St Peter's Square is a public square in Manchester city centre, England. The north of the square is bounded by Princess Street and the south by Peter Street. To the west of the square is Manchester Central Library, Midland Hotel and Manchester Town Hall Extension. The square is home to the Manchester Cenotaph, the Emmeline Pankhurst statue, and St Peter's Square Metrolink tram stop and incorporates the Peace Garden. In 1819, the area around the square was the site of the Peterloo Massacre.

From 2010 to 2017, the square underwent significant redevelopment which entailed the restoration of Central Library and attached Library Walk link, the relocation of the Cenotaph to the rear of Manchester Town Hall, the creation of a new extended tram stop and the construction of two new office blocks to the south of the square; One St Peter's Square and Two St Peter's Square.

History

The area around St Peter's Square, then known as St Peter's Field,  was the site of the 1819 Peterloo Massacre. The name derives from St Peter's Church which was built in 1788-94 where the gardens are today and also gave its name to Peter Street. The church was built in the neoclassical style by the architect James Wyatt, and was once famous for its church music. It was demolished in 1907 and the Cenotaph replaced it in 1924. A stone cross (1908) commemorates the church. The square is the site for the city's Remembrance Day commemoration each year.

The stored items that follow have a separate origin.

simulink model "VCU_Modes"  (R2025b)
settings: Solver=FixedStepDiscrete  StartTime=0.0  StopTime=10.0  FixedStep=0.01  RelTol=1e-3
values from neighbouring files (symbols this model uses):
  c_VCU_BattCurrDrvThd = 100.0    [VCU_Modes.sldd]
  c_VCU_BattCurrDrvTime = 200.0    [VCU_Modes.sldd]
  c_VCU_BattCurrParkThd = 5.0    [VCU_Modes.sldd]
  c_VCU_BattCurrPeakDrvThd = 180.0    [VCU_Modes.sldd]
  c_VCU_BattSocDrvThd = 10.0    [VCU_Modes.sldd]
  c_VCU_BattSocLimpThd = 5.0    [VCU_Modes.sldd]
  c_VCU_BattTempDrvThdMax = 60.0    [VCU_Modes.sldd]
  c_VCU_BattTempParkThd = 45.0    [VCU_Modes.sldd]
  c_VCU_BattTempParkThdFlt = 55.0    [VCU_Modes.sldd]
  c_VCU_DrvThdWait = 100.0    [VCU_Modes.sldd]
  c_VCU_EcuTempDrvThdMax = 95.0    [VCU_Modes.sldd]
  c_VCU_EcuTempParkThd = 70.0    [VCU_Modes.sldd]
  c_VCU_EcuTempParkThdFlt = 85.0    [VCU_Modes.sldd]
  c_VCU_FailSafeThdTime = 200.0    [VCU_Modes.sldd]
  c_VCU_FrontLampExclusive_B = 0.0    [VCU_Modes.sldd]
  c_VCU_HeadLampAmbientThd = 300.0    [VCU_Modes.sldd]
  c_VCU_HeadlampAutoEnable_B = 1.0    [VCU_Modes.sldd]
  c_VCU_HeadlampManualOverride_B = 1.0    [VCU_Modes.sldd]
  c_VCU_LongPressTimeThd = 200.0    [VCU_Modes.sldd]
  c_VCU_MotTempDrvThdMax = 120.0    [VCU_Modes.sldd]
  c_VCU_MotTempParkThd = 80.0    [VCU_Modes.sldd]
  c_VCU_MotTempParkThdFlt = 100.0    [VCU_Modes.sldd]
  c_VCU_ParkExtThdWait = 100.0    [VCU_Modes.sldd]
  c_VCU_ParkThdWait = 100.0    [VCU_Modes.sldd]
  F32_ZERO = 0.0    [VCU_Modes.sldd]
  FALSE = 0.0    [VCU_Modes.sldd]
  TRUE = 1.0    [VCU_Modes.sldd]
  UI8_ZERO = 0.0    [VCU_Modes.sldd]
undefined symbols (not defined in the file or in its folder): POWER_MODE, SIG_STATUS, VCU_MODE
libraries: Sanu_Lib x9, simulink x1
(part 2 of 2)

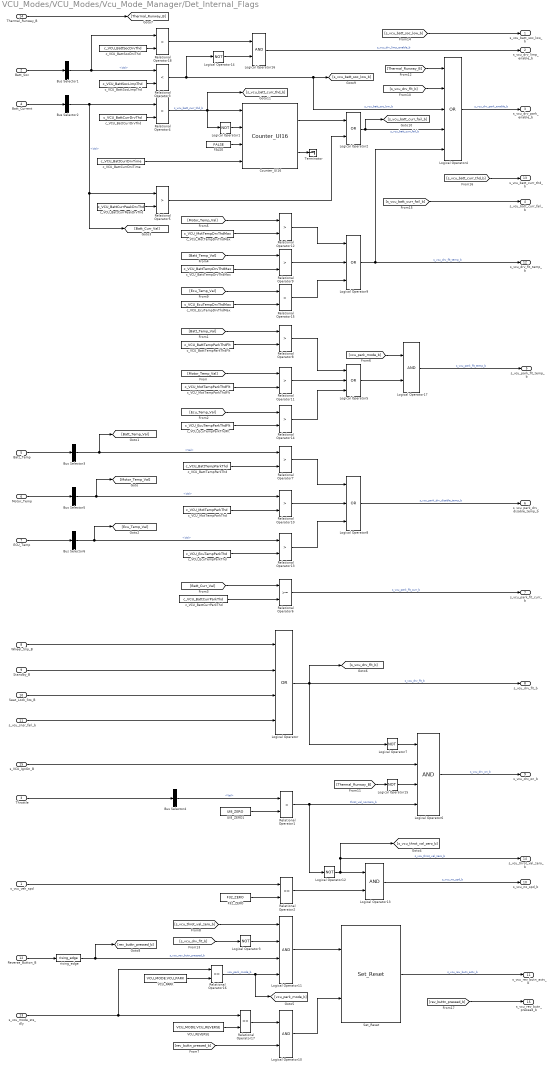
== system VCU_Modes/VCU_Modes/Vcu_Mode_Manager/Det_Internal_Flags ==
  s_vcu_veh_spd : Inport
  Batt_Soc : Inport  Port=2
  Throttle : Inport  Port=3
  Batt_Current : Inport  Port=4
  Batt_Temp : Inport  Port=5
  Motor_Temp : Inport  Port=6
  ECU_Temp : Inport  Port=7
  Wheel_Slip_B : Inport  Port=8
  Standby_B : Inport  Port=9
  Seat_Lock_Sts_B : Inport  Port=10
  s_vcu_snsr_fail_b : Inport  Port=11
  Reverse_Button_B : Inport  Port=12
  s_vcu_mode_sts_dly : Inport  Port=13
  Thermal_Runway_B : Inport  Port=14
  s_VCU_IgnOn_B : Inport  Port=15
  Bus Selector{1..6} (6 alike) : BusSelector  OutputSignals=Val
  Counter_UI16 : Sanu_Lib/Counter_UI16  SystemSampleTime=-1  VariantActivationTime=update diagram  EmptyChoice=off  PassThrough=off  PassThroughVariantControl=(default)  EmptyChoiceVariantControl=(default)  AllowFlexibleInterface=on  Latency=0  AutoFrameSizeCalculation=off
  F32_ZERO : Constant  Value=F32_ZERO  OutDataTypeStr=single  SampleTime=-1
  FALSE : Constant  Value=FALSE  OutDataTypeStr=boolean  SampleTime=-1
  Logical Operator : Logic  Operator=OR  Inputs=4  AllPortsSameDT=off  OutDataTypeStr=boolean
  Logical Operator{1,3,7,12,14..15} (6 alike) : Logic  Operator=NOT  AllPortsSameDT=off  OutDataTypeStr=boolean
  Logical Operator{10,13,16..17} (4 alike) : Logic  AllPortsSameDT=off  OutDataTypeStr=boolean
  Logical Operator11 : Logic  Inputs=4  AllPortsSameDT=off  OutDataTypeStr=boolean
  Logical Operator2 : Logic  Operator=OR  AllPortsSameDT=off  OutDataTypeStr=boolean
  Logical Operator4 : Logic  Operator=OR  Inputs=5  AllPortsSameDT=off  OutDataTypeStr=boolean
  Logical Operator5 : Logic  Operator=OR  Inputs=3  AllPortsSameDT=off  OutDataTypeStr=boolean
  Logical Operator6 : Logic  Inputs=4  AllPortsSameDT=off  OutDataTypeStr=boolean
  Logical Operator8 : Logic  Operator=OR  Inputs=3  AllPortsSameDT=off  OutDataTypeStr=boolean
  Logical Operator9 : Logic  Operator=OR  Inputs=3  AllPortsSameDT=off  OutDataTypeStr=boolean
  Relational Operator{1,4..5,7..15} (12 alike) : RelationalOperator  Operator=>  OutDataTypeStr=boolean  RndMeth=Simplest  InputSameDT=off
  Relational Operator16 : RelationalOperator  Operator===  OutDataTypeStr=boolean  RndMeth=Simplest  InputSameDT=off
  Relational Operator17 : RelationalOperator  Operator===  OutDataTypeStr=boolean  RndMeth=Simplest  InputSameDT=off
  Relational Operator18 : RelationalOperator  Operator=<  OutDataTypeStr=boolean  RndMeth=Simplest  InputSameDT=off
  Relational Operator2 : RelationalOperator  Operator===  OutDataTypeStr=boolean  RndMeth=Simplest  InputSameDT=off
  Relational Operator3 : RelationalOperator  Operator=<  OutDataTypeStr=boolean  RndMeth=Simplest  InputSameDT=off
  Relational Operator6 : RelationalOperator  OutDataTypeStr=boolean  RndMeth=Simplest  InputSameDT=off
  Set_Reset : Sanu_Lib/Set_Reset  SystemSampleTime=-1  VariantActivationTime=update diagram  EmptyChoice=off  PassThrough=off  PassThroughVariantControl=(default)  EmptyChoiceVariantControl=(default)  AllowFlexibleInterface=on  Latency=0  AutoFrameSizeCalculation=off
  Terminator : Terminator
  UI8_ZERO1 : Constant  Value=UI8_ZERO  OutDataTypeStr=uint8  SampleTime=-1
  VCU_PARK : Constant  Value=VCU_MODE.VCU_PARK  OutDataTypeStr=Enum: VCU_MODE  SampleTime=-1
  VCU_REVERSE : Constant  Value=VCU_MODE.VCU_REVERSE  OutDataTypeStr=Enum: VCU_MODE  SampleTime=-1
  c_VCU_BattCurrDrvThd : Constant  Value=c_VCU_BattCurrDrvThd  OutDataTypeStr=single  SampleTime=-1
  c_VCU_BattCurrDrvTime : Constant  Value=c_VCU_BattCurrDrvTime  OutDataTypeStr=uint16  SampleTime=-1
  c_VCU_BattCurrParkThd : Constant  Value=c_VCU_BattCurrParkThd  OutDataTypeStr=single  SampleTime=-1
  c_VCU_BattCurrPeakDrvThd : Constant  Value=c_VCU_BattCurrPeakDrvThd  OutDataTypeStr=single  SampleTime=-1
  c_VCU_BattSocDrvThd : Constant  Value=c_VCU_BattSocDrvThd  OutDataTypeStr=uint8  SampleTime=-1
  c_VCU_BattSocLimpThd : Constant  Value=c_VCU_BattSocLimpThd  OutDataTypeStr=uint8  SampleTime=-1
  c_VCU_BattTempDrvThdMax : Constant  Value=c_VCU_BattTempDrvThdMax  OutDataTypeStr=single  SampleTime=-1
  c_VCU_BattTempParkThd : Constant  Value=c_VCU_BattTempParkThd  OutDataTypeStr=single  SampleTime=-1
  c_VCU_BattTempParkThdFlt : Constant  Value=c_VCU_BattTempParkThdFlt  OutDataTypeStr=single  SampleTime=-1
  c_VCU_EcuTempDrvThdMax : Constant  Value=c_VCU_EcuTempDrvThdMax  OutDataTypeStr=single  SampleTime=-1
  c_VCU_EcuTempParkThd : Constant  Value=c_VCU_EcuTempParkThd  OutDataTypeStr=single  SampleTime=-1
  c_VCU_EcuTempParkThdFlt : Constant  Value=c_VCU_EcuTempParkThdFlt  OutDataTypeStr=single  SampleTime=-1
  c_VCU_MotTempDrvThdMax : Constant  Value=c_VCU_MotTempDrvThdMax  OutDataTypeStr=single  SampleTime=-1
  c_VCU_MotTempParkThd : Constant  Value=c_VCU_MotTempParkThd  OutDataTypeStr=single  SampleTime=-1
  c_VCU_MotTempParkThdFlt : Constant  Value=c_VCU_MotTempParkThdFlt  OutDataTypeStr=single  SampleTime=-1
  rising_edge : Sanu_Lib/rising_edge  SystemSampleTime=-1  VariantActivationTime=update diagram  EmptyChoice=off  PassThrough=off  PassThroughVariantControl=(default)  EmptyChoiceVariantControl=(default)  AllowFlexibleInterface=on  Latency=0  AutoFrameSizeCalculation=off
  s_vcu_batt_soc_low_b : Outport
  s_vcu_drv_limp_enable_b : Outport  Port=2
  s_vcu_drv_park_enable_b : Outport  Port=3
  s_vcu_batt_curr_fail_b : Outport  Port=4
  s_vcu_park_flt_temp_b : Outport  Port=5
  s_vcu_park_drv_disable_temp_b : Outport  Port=6
  s_vcu_park_flt_curr_b : Outport  Port=7
  s_vcu_drv_flt_b : Outport  Port=8
  s_vcu_drv_on_b : Outport  Port=9
  s_vcu_no_spd_b : Outport  Port=10
  s_vcu_rev_butn_actv_b : Outport  Port=11
  s_vcu_drv_flt_temp_b : Outport  Port=12
  s_vcu_batt_curr_thd_b : Outport  Port=13
  s_vcu_throt_val_zero_b : Outport  Port=14
  s_vcu_rev_butn_pressed_b : Outport  Port=15
  wires:
  [s_vcu_batt_soc_low_b] -> s_vcu_batt_soc_low_b/1
  Logical Operator16/1 -> s_vcu_drv_limp_enable_b/1  "s_vcu_drv_limp_enable_b"
  Relational Operator18/1 -> Logical Operator16/1
  Logical Operator14/1 -> Logical Operator16/2
  c_VCU_BattSocDrvThd/1 -> Relational Operator18/2
  [Thermal_Runway_B] -> Logical Operator4/1
  s_VCU_IgnOn_B/1 -> Logical Operator6/2
  Relational Operator6/1 -> s_vcu_park_flt_curr_b/1  "s_vcu_park_flt_curr_b"
  Logical Operator15/1 -> Logical Operator6/3
  [Thermal_Runway_B] -> Logical Operator15/1
  [rev_buttn_pressed_b] -> Logical Operator10/2
  [s_vcu_throt_val_zero_b] -> Logical Operator11/1
  Logical Operator3/1 -> Logical Operator11/2
  [s_vcu_drv_flt_b] -> Logical Operator3/1
  Logical Operator13/1 -> s_vcu_no_spd_b/1  "s_vcu_no_spd_b"
  [Ecu_Temp_Val] -> Relational Operator15/1
  Logical Operator4/1 -> s_vcu_drv_park_enable_b/1  "s_vcu_drv_park_enable_b"
  [Motor_Temp_Val] -> Relational Operator12/1
  Relational Operator9/1 -> Logical Operator9/2
  Logical Operator8/1 -> s_vcu_park_drv_disable_temp_b/1  "s_vcu_park_drv_disable_temp_b"
  Logical Operator/1 -> [s_vcu_drv_flt_b], s_vcu_drv_flt_b/1, Logical Operator7/1  "s_vcu_drv_flt_b"
  FALSE/1 -> Counter_UI16/3
  Relational Operator7/1 -> Logical Operator8/1
  Logical Operator1/1 -> Counter_UI16/2
  [Batt_Temp_Val] -> Relational Operator8/1
  Relational Operator16/1 -> [vcu_park_mode_b], Logical Operator11/4  "vcu_park_mode_b"
  Logical Operator11/1 -> Set_Reset/1
  Logical Operator7/1 -> Logical Operator6/1
  s_vcu_veh_spd/1 -> Relational Operator2/1
  c_VCU_EcuTempParkThdFlt/1 -> Relational Operator14/2
  Bus Selector6/1 -> Relational Operator13/1, [Ecu_Temp_Val]  "<Val>"
  s_vcu_snsr_fail_b/1 -> Logical Operator/4
  c_VCU_BattCurrPeakDrvThd/1 -> Relational Operator5/2
  c_VCU_BattTempParkThd/1 -> Relational Operator7/2
  ECU_Temp/1 -> Bus Selector6/1
  Seat_Lock_Sts_B/1 -> Logical Operator/3
  Logical Operator10/1 -> Set_Reset/2
  Relational Operator13/1 -> Logical Operator8/3
  c_VCU_BattCurrDrvTime/1 -> Counter_UI16/4
  Relational Operator11/1 -> Logical Operator5/2
  Relational Operator12/1 -> Logical Operator9/1
  [Batt_Temp_Val] -> Relational Operator9/1
  Logical Operator9/1 -> s_vcu_drv_flt_temp_b/1, Logical Operator4/5  "s_vcu_drv_flt_temp_b"
  c_VCU_BattCurrParkThd/1 -> Relational Operator6/2
  VCU_REVERSE/1 -> Relational Operator17/2
  Set_Reset/1 -> s_vcu_rev_butn_actv_b/1  "s_vcu_rev_butn_actv_b"
  VCU_PARK/1 -> Relational Operator16/2
  Counter_UI16/1 -> Logical Operator2/1
  [Ecu_Temp_Val] -> Relational Operator14/1
  Bus Selector1/1 -> Relational Operator3/1, Relational Operator18/1  "<Val>"
  Relational Operator2/1 -> Logical Operator13/2
  Relational Operator5/1 -> Logical Operator2/2
  Bus Selector5/1 -> Relational Operator10/1, [Motor_Temp_Val]  "<Val>"
  Batt_Soc/1 -> Bus Selector1/1
  [Motor_Temp_Val] -> Relational Operator11/1
  [s_vcu_drv_flt_b] -> Logical Operator4/2
  c_VCU_BattCurrDrvThd/1 -> Relational Operator4/2
  c_VCU_MotTempDrvThdMax/1 -> Relational Operator12/2
  Bus Selector3/1 -> Relational Operator7/1, [Batt_Temp_Val]  "<Val>"
  Relational Operator1/1 -> Logical Operator6/4, Logical Operator12/1  "throt_val_nonzero_b"
  c_VCU_MotTempParkThdFlt/1 -> Relational Operator11/2
  Batt_Temp/1 -> Bus Selector3/1
  Motor_Temp/1 -> Bus Selector5/1
  Relational Operator10/1 -> Logical Operator8/2
  rising_edge/1 -> Logical Operator11/3, [rev_buttn_pressed_b]  "s_vcu_rev_butn_pressed_b"
  c_VCU_MotTempParkThd/1 -> Relational Operator10/2
  Standby_B/1 -> Logical Operator/2
  Reverse_Button_B/1 -> rising_edge/1
  Wheel_Slip_B/1 -> Logical Operator/1
  Relational Operator17/1 -> Logical Operator10/1
  Throttle/1 -> Bus Selector4/1
  F32_ZERO/1 -> Relational Operator2/2
  [Batt_Curr_Val] -> Relational Operator6/1
  Relational Operator8/1 -> Logical Operator5/1
  c_VCU_BattSocLimpThd/1 -> Relational Operator3/2
  c_VCU_BattTempDrvThdMax/1 -> Relational Operator9/2
  Relational Operator15/1 -> Logical Operator9/3
  Logical Operator2/1 -> Logical Operator4/4, [s_vcu_batt_curr_fail_b]  "s_vcu_batt_curr_fail_b"
  Logical Operator6/1 -> s_vcu_drv_on_b/1  "s_vcu_drv_on_b"
  Counter_UI16/2 -> Terminator/1
  Bus Selector4/1 -> Relational Operator1/1  "<Val>"
  Logical Operator12/1 -> [s_vcu_throt_val_zero_b], s_vcu_throt_val_zero_b/1, Logical Operator13/1  "s_vcu_throt_val_zero_b"
  c_VCU_BattTempParkThdFlt/1 -> Relational Operator8/2
  c_VCU_EcuTempDrvThdMax/1 -> Relational Operator15/2
  Thermal_Runway_B/1 -> [Thermal_Runway_B]
  Relational Operator14/1 -> Logical Operator5/3
  Relational Operator4/1 -> [s_vcu_batt_curr_thd_b], Logical Operator1/1, Counter_UI16/1  "s_vcu_batt_curr_thd_b"
  Bus Selector2/1 -> Relational Operator4/1, Relational Operator5/1, [Batt_Curr_Val]  "<Val>"
  c_VCU_EcuTempParkThd/1 -> Relational Operator13/2
  UI8_ZERO1/1 -> Relational Operator1/2
  Batt_Current/1 -> Bus Selector2/1
  Relational Operator3/1 -> Logical Operator4/3, [s_vcu_batt_soc_low_b], Logical Operator14/1  "s_vcu_batt_soc_low_b"
  s_vcu_mode_sts_dly/1 -> Relational Operator16/1, Relational Operator17/1
  [vcu_park_mode_b] -> Logical Operator17/1
  [s_vcu_batt_curr_fail_b] -> s_vcu_batt_curr_fail_b/1
  [s_vcu_batt_curr_thd_b] -> s_vcu_batt_curr_thd_b/1
  Logical Operator5/1 -> Logical Operator17/2
  Logical Operator17/1 -> s_vcu_park_flt_temp_b/1  "s_vcu_park_flt_temp_b"
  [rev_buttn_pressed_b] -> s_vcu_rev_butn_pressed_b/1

In the 1930s, the square was redeveloped around the construction of the Central Library and Town Hall Extension (1930–34). Plans for a rapid transit station in St Peter's Square were made in the 1970s; proposals for the abandoned Picc-Vic tunnel envisaged the construction of an underground station to serve both St Peter's and the neighbouring Albert Square. The early proposals for an on-street light rail system in Manchester revived the idea of a station in the square, and the idea was retained as the project evolved, becoming a reality when the Metrolink system opened in 1992.

Redevelopment

In 2013, Manchester City Council approved plans for the redevelopment of the square, including the expansion of the Metrolink stop to four platforms. This coincided with the construction of the One and Two St Peter's Square buildings and the refurbishment of Manchester Central Library, both adjacent to the square. Numerous archaeological finds were made when construction work uncovered the former crypt of the long-demolished St. Peter's Church, which had a concrete raft built over it in order to safely construct the new tram lines. The outline of the church is marked in the paving around the square.

The scheme involved using £20 million of public money, moving the Cenotaph, moving the Peace Gardens, demolishing an inter-war building to establish a new office quarter and closing Library Walk to the public. The plans were criticised as bland, unrealistic and private sector orientated rather than public orientated.

In response to the criticisms Darryl Lee, director of Mosley Street Ventures, said: "The developers have had lengthy and detailed discussions about their proposals with English Heritage and Manchester City Council, who have pronounced themselves happy with the scheme". An English Heritage spokesperson added: "Long before Century House was built, St Peter’s Square was envisaged as a grand civic space, and English Heritage feels that the Simpson scheme, taken with other developments which are under way, goes some way to realising that ambition. While we think that Century House makes a positive contribution to the conservation area, we feel that its loss is outweighed by the public benefits of the scheme."

A statue of Emmeline Pankhurst was unveiled on 14 December 2018 to commemorate 100 years since women were first allowed to vote in United Kingdom general elections.

Monuments and statues

Manchester Cenotaph

This is the work of Sir Edwin Lutyens and has similarities to the Cenotaph in Whitehall, London.  It was inaugurated in 1924 and the ceremonies of Remembrance Day have been observed here annually since then. In 2014 the cenotaph was relocated to the north-east end of the square; opposite the Cooper Street entrance to the Town Hall.